**Action item:**
In the entries below, find the line containing "#230=CARTESIAN_POINT('',(22.,0.,15.));" and the line containing "#242=DIRECTION('',(1.,0.,0.));". Copy those two lines and everything between them exactly, and only that.

**Records for this task:**

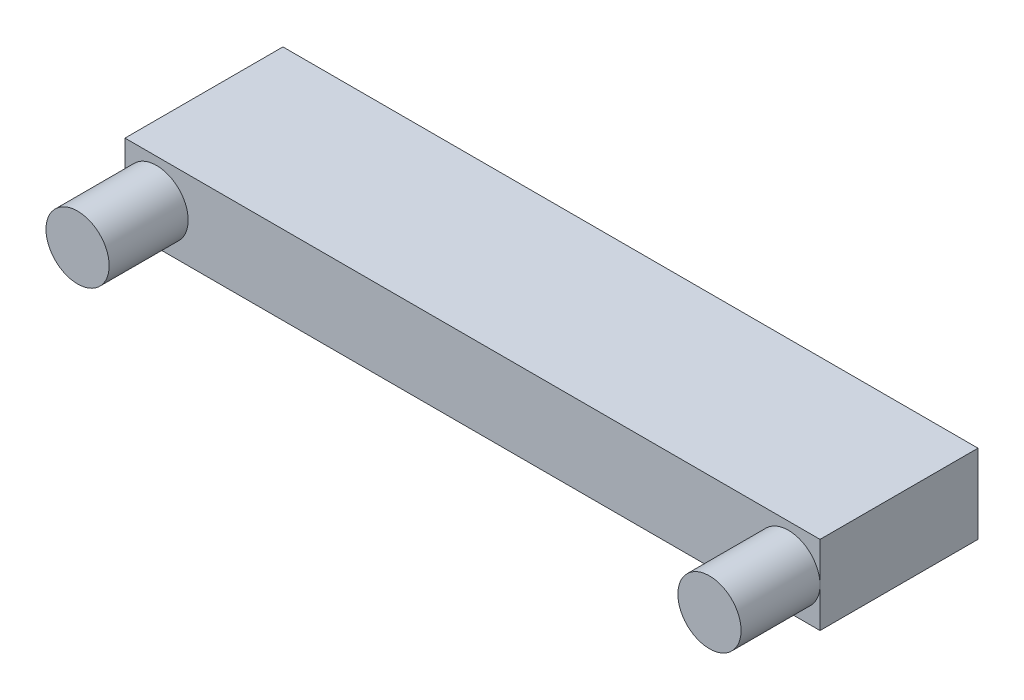
ISO-10303-21;
HEADER;
FILE_DESCRIPTION(('STEP AP214'),'2;1');
FILE_NAME('part.step','',(''),(''),'','','');
FILE_SCHEMA(('AUTOMOTIVE_DESIGN { 1 0 10303 214 1 1 1 1 }'));
ENDSEC;
DATA;
#1=APPLICATION_CONTEXT('core data for automotive mechanical design processes');
#2=APPLICATION_PROTOCOL_DEFINITION('international standard','automotive_design',2000,#1);
#3=PRODUCT_CONTEXT('',#1,'mechanical');
#4=PRODUCT('Part','Part','',(#3));
#5=PRODUCT_RELATED_PRODUCT_CATEGORY('part','',(#4));
#6=PRODUCT_DEFINITION_FORMATION('','',#4);
#7=PRODUCT_DEFINITION_CONTEXT('part definition',#1,'design');
#8=PRODUCT_DEFINITION('design','',#6,#7);
#9=PRODUCT_DEFINITION_SHAPE('','',#8);
#10=(LENGTH_UNIT() NAMED_UNIT(*) SI_UNIT(.MILLI.,.METRE.));
#11=(NAMED_UNIT(*) PLANE_ANGLE_UNIT() SI_UNIT($,.RADIAN.));
#12=(NAMED_UNIT(*) SI_UNIT($,.STERADIAN.) SOLID_ANGLE_UNIT());
#13=UNCERTAINTY_MEASURE_WITH_UNIT(LENGTH_MEASURE(1.E-05),#10,'distance_accuracy_value','');
#14=(GEOMETRIC_REPRESENTATION_CONTEXT(3) GLOBAL_UNCERTAINTY_ASSIGNED_CONTEXT((#13)) GLOBAL_UNIT_ASSIGNED_CONTEXT((#10,
#11,#12)) REPRESENTATION_CONTEXT('',''));
#15=CARTESIAN_POINT('',(0.,0.,0.));
#16=DIRECTION('',(0.,0.,1.));
#17=DIRECTION('',(1.,0.,0.));
#18=AXIS2_PLACEMENT_3D('',#15,#16,#17);
#19=CARTESIAN_POINT('',(0.,0.,10.));
#20=DIRECTION('',(0.,0.,-1.));
#21=DIRECTION('',(-1.,0.,0.));
#22=AXIS2_PLACEMENT_3D('',#19,#20,#21);
#23=PLANE('',#22);
#24=DIRECTION('',(0.,1.,0.));
#25=VECTOR('',#24,1.);
#26=CARTESIAN_POINT('',(22.,-2.5,10.));
#27=LINE('',#26,#25);
#28=CARTESIAN_POINT('',(22.,-2.5,10.));
#29=VERTEX_POINT('',#28);
#30=CARTESIAN_POINT('',(22.,0.,10.));
#31=VERTEX_POINT('',#30);
#32=EDGE_CURVE('E88',#29,#31,#27,.T.);
#33=ORIENTED_EDGE('',*,*,#32,.T.);
#34=CARTESIAN_POINT('',(20.,0.,10.));
#35=DIRECTION('',(0.,0.,1.));
#36=DIRECTION('',(1.,0.,0.));
#37=AXIS2_PLACEMENT_3D('',#34,#35,#36);
#38=CIRCLE('',#37,2.);
#39=EDGE_CURVE('E90',#31,#31,#38,.T.);
#40=ORIENTED_EDGE('',*,*,#39,.F.);
#41=CARTESIAN_POINT('',(22.,2.5,10.));
#42=VERTEX_POINT('',#41);
#43=EDGE_CURVE('E81',#31,#42,#27,.T.);
#44=ORIENTED_EDGE('',*,*,#43,.T.);
#45=DIRECTION('',(-1.,0.,0.));
#46=VECTOR('',#45,1.);
#47=CARTESIAN_POINT('',(-22.,2.5,10.));
#48=LINE('',#47,#46);
#49=CARTESIAN_POINT('',(-22.,2.5,10.));
#50=VERTEX_POINT('',#49);
#51=EDGE_CURVE('E92',#42,#50,#48,.T.);
#52=ORIENTED_EDGE('',*,*,#51,.T.);
#53=DIRECTION('',(0.,-1.,0.));
#54=VECTOR('',#53,1.);
#55=CARTESIAN_POINT('',(-22.,-2.5,10.));
#56=LINE('',#55,#54);
#57=CARTESIAN_POINT('',(-22.,0.,10.));
#58=VERTEX_POINT('',#57);
#59=EDGE_CURVE('E103',#50,#58,#56,.T.);
#60=ORIENTED_EDGE('',*,*,#59,.T.);
#61=CARTESIAN_POINT('',(-20.,0.,10.));
#62=DIRECTION('',(0.,0.,1.));
#63=DIRECTION('',(1.,0.,0.));
#64=AXIS2_PLACEMENT_3D('',#61,#62,#63);
#65=CIRCLE('',#64,2.);
#66=EDGE_CURVE('E99',#58,#58,#65,.T.);
#67=ORIENTED_EDGE('',*,*,#66,.F.);
#68=CARTESIAN_POINT('',(-22.,-2.5,10.));
#69=VERTEX_POINT('',#68);
#70=EDGE_CURVE('E102',#58,#69,#56,.T.);
#71=ORIENTED_EDGE('',*,*,#70,.T.);
#72=DIRECTION('',(1.,0.,0.));
#73=VECTOR('',#72,1.);
#74=CARTESIAN_POINT('',(-22.,-2.5,10.));
#75=LINE('',#74,#73);
#76=EDGE_CURVE('E50',#69,#29,#75,.T.);
#77=ORIENTED_EDGE('',*,*,#76,.T.);
#78=EDGE_LOOP('',(#33,#40,#44,#52,#60,#67,#71,#77));
#79=FACE_BOUND('',#78,.T.);
#80=ADVANCED_FACE('F33',(#79),#23,.F.);
#81=CARTESIAN_POINT('',(22.,-2.5,10.));
#82=DIRECTION('',(-1.,0.,0.));
#83=DIRECTION('',(0.,0.,1.));
#84=AXIS2_PLACEMENT_3D('',#81,#82,#83);
#85=PLANE('',#84);
#86=DIRECTION('',(0.,1.,0.));
#87=VECTOR('',#86,1.);
#88=CARTESIAN_POINT('',(22.,-2.5,0.));
#89=LINE('',#88,#87);
#90=CARTESIAN_POINT('',(22.,-2.5,0.));
#91=VERTEX_POINT('',#90);
#92=CARTESIAN_POINT('',(22.,2.5,0.));
#93=VERTEX_POINT('',#92);
#94=EDGE_CURVE('E107',#91,#93,#89,.T.);
#95=ORIENTED_EDGE('',*,*,#94,.T.);
#96=DIRECTION('',(0.,0.,-1.));
#97=VECTOR('',#96,1.);
#98=CARTESIAN_POINT('',(22.,2.5,10.));
#99=LINE('',#98,#97);
#100=EDGE_CURVE('E11',#42,#93,#99,.T.);
#101=ORIENTED_EDGE('',*,*,#100,.F.);
#102=ORIENTED_EDGE('',*,*,#43,.F.);
#103=ORIENTED_EDGE('',*,*,#32,.F.);
#104=DIRECTION('',(0.,0.,-1.));
#105=VECTOR('',#104,1.);
#106=CARTESIAN_POINT('',(22.,-2.5,10.));
#107=LINE('',#106,#105);
#108=EDGE_CURVE('E106',#29,#91,#107,.T.);
#109=ORIENTED_EDGE('',*,*,#108,.T.);
#110=EDGE_LOOP('',(#95,#101,#102,#103,#109));
#111=FACE_BOUND('',#110,.T.);
#112=ADVANCED_FACE('F35',(#111),#85,.F.);
#113=CARTESIAN_POINT('',(-22.,2.5,10.));
#114=DIRECTION('',(0.,-1.,0.));
#115=DIRECTION('',(0.,0.,-1.));
#116=AXIS2_PLACEMENT_3D('',#113,#114,#115);
#117=PLANE('',#116);
#118=DIRECTION('',(-1.,0.,0.));
#119=VECTOR('',#118,1.);
#120=CARTESIAN_POINT('',(-22.,2.5,0.));
#121=LINE('',#120,#119);
#122=CARTESIAN_POINT('',(-22.,2.5,0.));
#123=VERTEX_POINT('',#122);
#124=EDGE_CURVE('E109',#93,#123,#121,.T.);
#125=ORIENTED_EDGE('',*,*,#124,.T.);
#126=DIRECTION('',(0.,0.,-1.));
#127=VECTOR('',#126,1.);
#128=CARTESIAN_POINT('',(-22.,2.5,10.));
#129=LINE('',#128,#127);
#130=EDGE_CURVE('E42',#50,#123,#129,.T.);
#131=ORIENTED_EDGE('',*,*,#130,.F.);
#132=ORIENTED_EDGE('',*,*,#51,.F.);
#133=ORIENTED_EDGE('',*,*,#100,.T.);
#134=EDGE_LOOP('',(#125,#131,#132,#133));
#135=FACE_BOUND('',#134,.T.);
#136=ADVANCED_FACE('F154',(#135),#117,.F.);
#137=CARTESIAN_POINT('',(-22.,-2.5,10.));
#138=DIRECTION('',(1.,0.,0.));
#139=DIRECTION('',(0.,0.,-1.));
#140=AXIS2_PLACEMENT_3D('',#137,#138,#139);
#141=PLANE('',#140);
#142=DIRECTION('',(0.,-1.,0.));
#143=VECTOR('',#142,1.);
#144=CARTESIAN_POINT('',(-22.,-2.5,0.));
#145=LINE('',#144,#143);
#146=CARTESIAN_POINT('',(-22.,-2.5,0.));
#147=VERTEX_POINT('',#146);
#148=EDGE_CURVE('E68',#123,#147,#145,.T.);
#149=ORIENTED_EDGE('',*,*,#148,.T.);
#150=DIRECTION('',(0.,0.,-1.));
#151=VECTOR('',#150,1.);
#152=CARTESIAN_POINT('',(-22.,-2.5,10.));
#153=LINE('',#152,#151);
#154=EDGE_CURVE('E114',#69,#147,#153,.T.);
#155=ORIENTED_EDGE('',*,*,#154,.F.);
#156=ORIENTED_EDGE('',*,*,#70,.F.);
#157=ORIENTED_EDGE('',*,*,#59,.F.);
#158=ORIENTED_EDGE('',*,*,#130,.T.);
#159=EDGE_LOOP('',(#149,#155,#156,#157,#158));
#160=FACE_BOUND('',#159,.T.);
#161=ADVANCED_FACE('F117',(#160),#141,.F.);
#162=CARTESIAN_POINT('',(-22.,-2.5,10.));
#163=DIRECTION('',(0.,1.,0.));
#164=DIRECTION('',(0.,0.,1.));
#165=AXIS2_PLACEMENT_3D('',#162,#163,#164);
#166=PLANE('',#165);
#167=DIRECTION('',(1.,0.,0.));
#168=VECTOR('',#167,1.);
#169=CARTESIAN_POINT('',(-22.,-2.5,0.));
#170=LINE('',#169,#168);
#171=EDGE_CURVE('E74',#147,#91,#170,.T.);
#172=ORIENTED_EDGE('',*,*,#171,.T.);
#173=ORIENTED_EDGE('',*,*,#108,.F.);
#174=ORIENTED_EDGE('',*,*,#76,.F.);
#175=ORIENTED_EDGE('',*,*,#154,.T.);
#176=EDGE_LOOP('',(#172,#173,#174,#175));
#177=FACE_BOUND('',#176,.T.);
#178=ADVANCED_FACE('F123',(#177),#166,.F.);
#179=CARTESIAN_POINT('',(0.,0.,0.));
#180=DIRECTION('',(0.,0.,-1.));
#181=DIRECTION('',(-1.,0.,0.));
#182=AXIS2_PLACEMENT_3D('',#179,#180,#181);
#183=PLANE('',#182);
#184=ORIENTED_EDGE('',*,*,#94,.F.);
#185=ORIENTED_EDGE('',*,*,#171,.F.);
#186=ORIENTED_EDGE('',*,*,#148,.F.);
#187=ORIENTED_EDGE('',*,*,#124,.F.);
#188=EDGE_LOOP('',(#184,#185,#186,#187));
#189=FACE_BOUND('',#188,.T.);
#190=ADVANCED_FACE('F122',(#189),#183,.T.);
#191=CARTESIAN_POINT('',(-20.,0.,15.));
#192=DIRECTION('',(0.,0.,-1.));
#193=DIRECTION('',(-1.,0.,0.));
#194=AXIS2_PLACEMENT_3D('',#191,#192,#193);
#195=CYLINDRICAL_SURFACE('',#194,2.);
#196=CARTESIAN_POINT('',(-20.,0.,15.));
#197=DIRECTION('',(0.,0.,1.));
#198=DIRECTION('',(1.,0.,0.));
#199=AXIS2_PLACEMENT_3D('',#196,#197,#198);
#200=CIRCLE('',#199,2.);
#201=CARTESIAN_POINT('',(-18.,0.,15.));
#202=VERTEX_POINT('',#201);
#203=EDGE_CURVE('E110',#202,#202,#200,.T.);
#204=ORIENTED_EDGE('',*,*,#203,.F.);
#205=EDGE_LOOP('',(#204));
#206=FACE_BOUND('',#205,.T.);
#207=ORIENTED_EDGE('',*,*,#66,.T.);
#208=EDGE_LOOP('',(#207));
#209=FACE_BOUND('',#208,.T.);
#210=ADVANCED_FACE('F146',(#206,#209),#195,.T.);
#211=CARTESIAN_POINT('',(-20.,0.,15.));
#212=DIRECTION('',(0.,0.,1.));
#213=DIRECTION('',(1.,0.,0.));
#214=AXIS2_PLACEMENT_3D('',#211,#212,#213);
#215=PLANE('',#214);
#216=ORIENTED_EDGE('',*,*,#203,.T.);
#217=EDGE_LOOP('',(#216));
#218=FACE_BOUND('',#217,.T.);
#219=ADVANCED_FACE('F138',(#218),#215,.T.);
#220=CARTESIAN_POINT('',(20.,0.,15.));
#221=DIRECTION('',(0.,0.,-1.));
#222=DIRECTION('',(-1.,0.,0.));
#223=AXIS2_PLACEMENT_3D('',#220,#221,#222);
#224=CYLINDRICAL_SURFACE('',#223,2.);
#225=CARTESIAN_POINT('',(20.,0.,15.));
#226=DIRECTION('',(0.,0.,1.));
#227=DIRECTION('',(1.,0.,0.));
#228=AXIS2_PLACEMENT_3D('',#225,#226,#227);
#229=CIRCLE('',#228,2.);
#230=CARTESIAN_POINT('',(22.,0.,15.));
#231=VERTEX_POINT('',#230);
#232=EDGE_CURVE('E127',#231,#231,#229,.T.);
#233=ORIENTED_EDGE('',*,*,#232,.F.);
#234=EDGE_LOOP('',(#233));
#235=FACE_BOUND('',#234,.T.);
#236=ORIENTED_EDGE('',*,*,#39,.T.);
#237=EDGE_LOOP('',(#236));
#238=FACE_BOUND('',#237,.T.);
#239=ADVANCED_FACE('F135',(#235,#238),#224,.T.);
#240=CARTESIAN_POINT('',(20.,0.,15.));
#241=DIRECTION('',(0.,0.,1.));
#242=DIRECTION('',(1.,0.,0.));
#243=AXIS2_PLACEMENT_3D('',#240,#241,#242);
#244=PLANE('',#243);
#245=ORIENTED_EDGE('',*,*,#232,.T.);
#246=EDGE_LOOP('',(#245));
#247=FACE_BOUND('',#246,.T.);
#248=ADVANCED_FACE('F137',(#247),#244,.T.);
#249=CLOSED_SHELL('',(#80,#112,#136,#161,#178,#190,#210,#219,#239,#248));
#250=MANIFOLD_SOLID_BREP('B2',#249);
#251=ADVANCED_BREP_SHAPE_REPRESENTATION('',(#18,#250),#14);
#252=SHAPE_DEFINITION_REPRESENTATION(#9,#251);
ENDSEC;
END-ISO-10303-21;

**Answer for this exercise:**
#230=CARTESIAN_POINT('',(22.,0.,15.));
#231=VERTEX_POINT('',#230);
#232=EDGE_CURVE('E127',#231,#231,#229,.T.);
#233=ORIENTED_EDGE('',*,*,#232,.F.);
#234=EDGE_LOOP('',(#233));
#235=FACE_BOUND('',#234,.T.);
#236=ORIENTED_EDGE('',*,*,#39,.T.);
#237=EDGE_LOOP('',(#236));
#238=FACE_BOUND('',#237,.T.);
#239=ADVANCED_FACE('F135',(#235,#238),#224,.T.);
#240=CARTESIAN_POINT('',(20.,0.,15.));
#241=DIRECTION('',(0.,0.,1.));
#242=DIRECTION('',(1.,0.,0.));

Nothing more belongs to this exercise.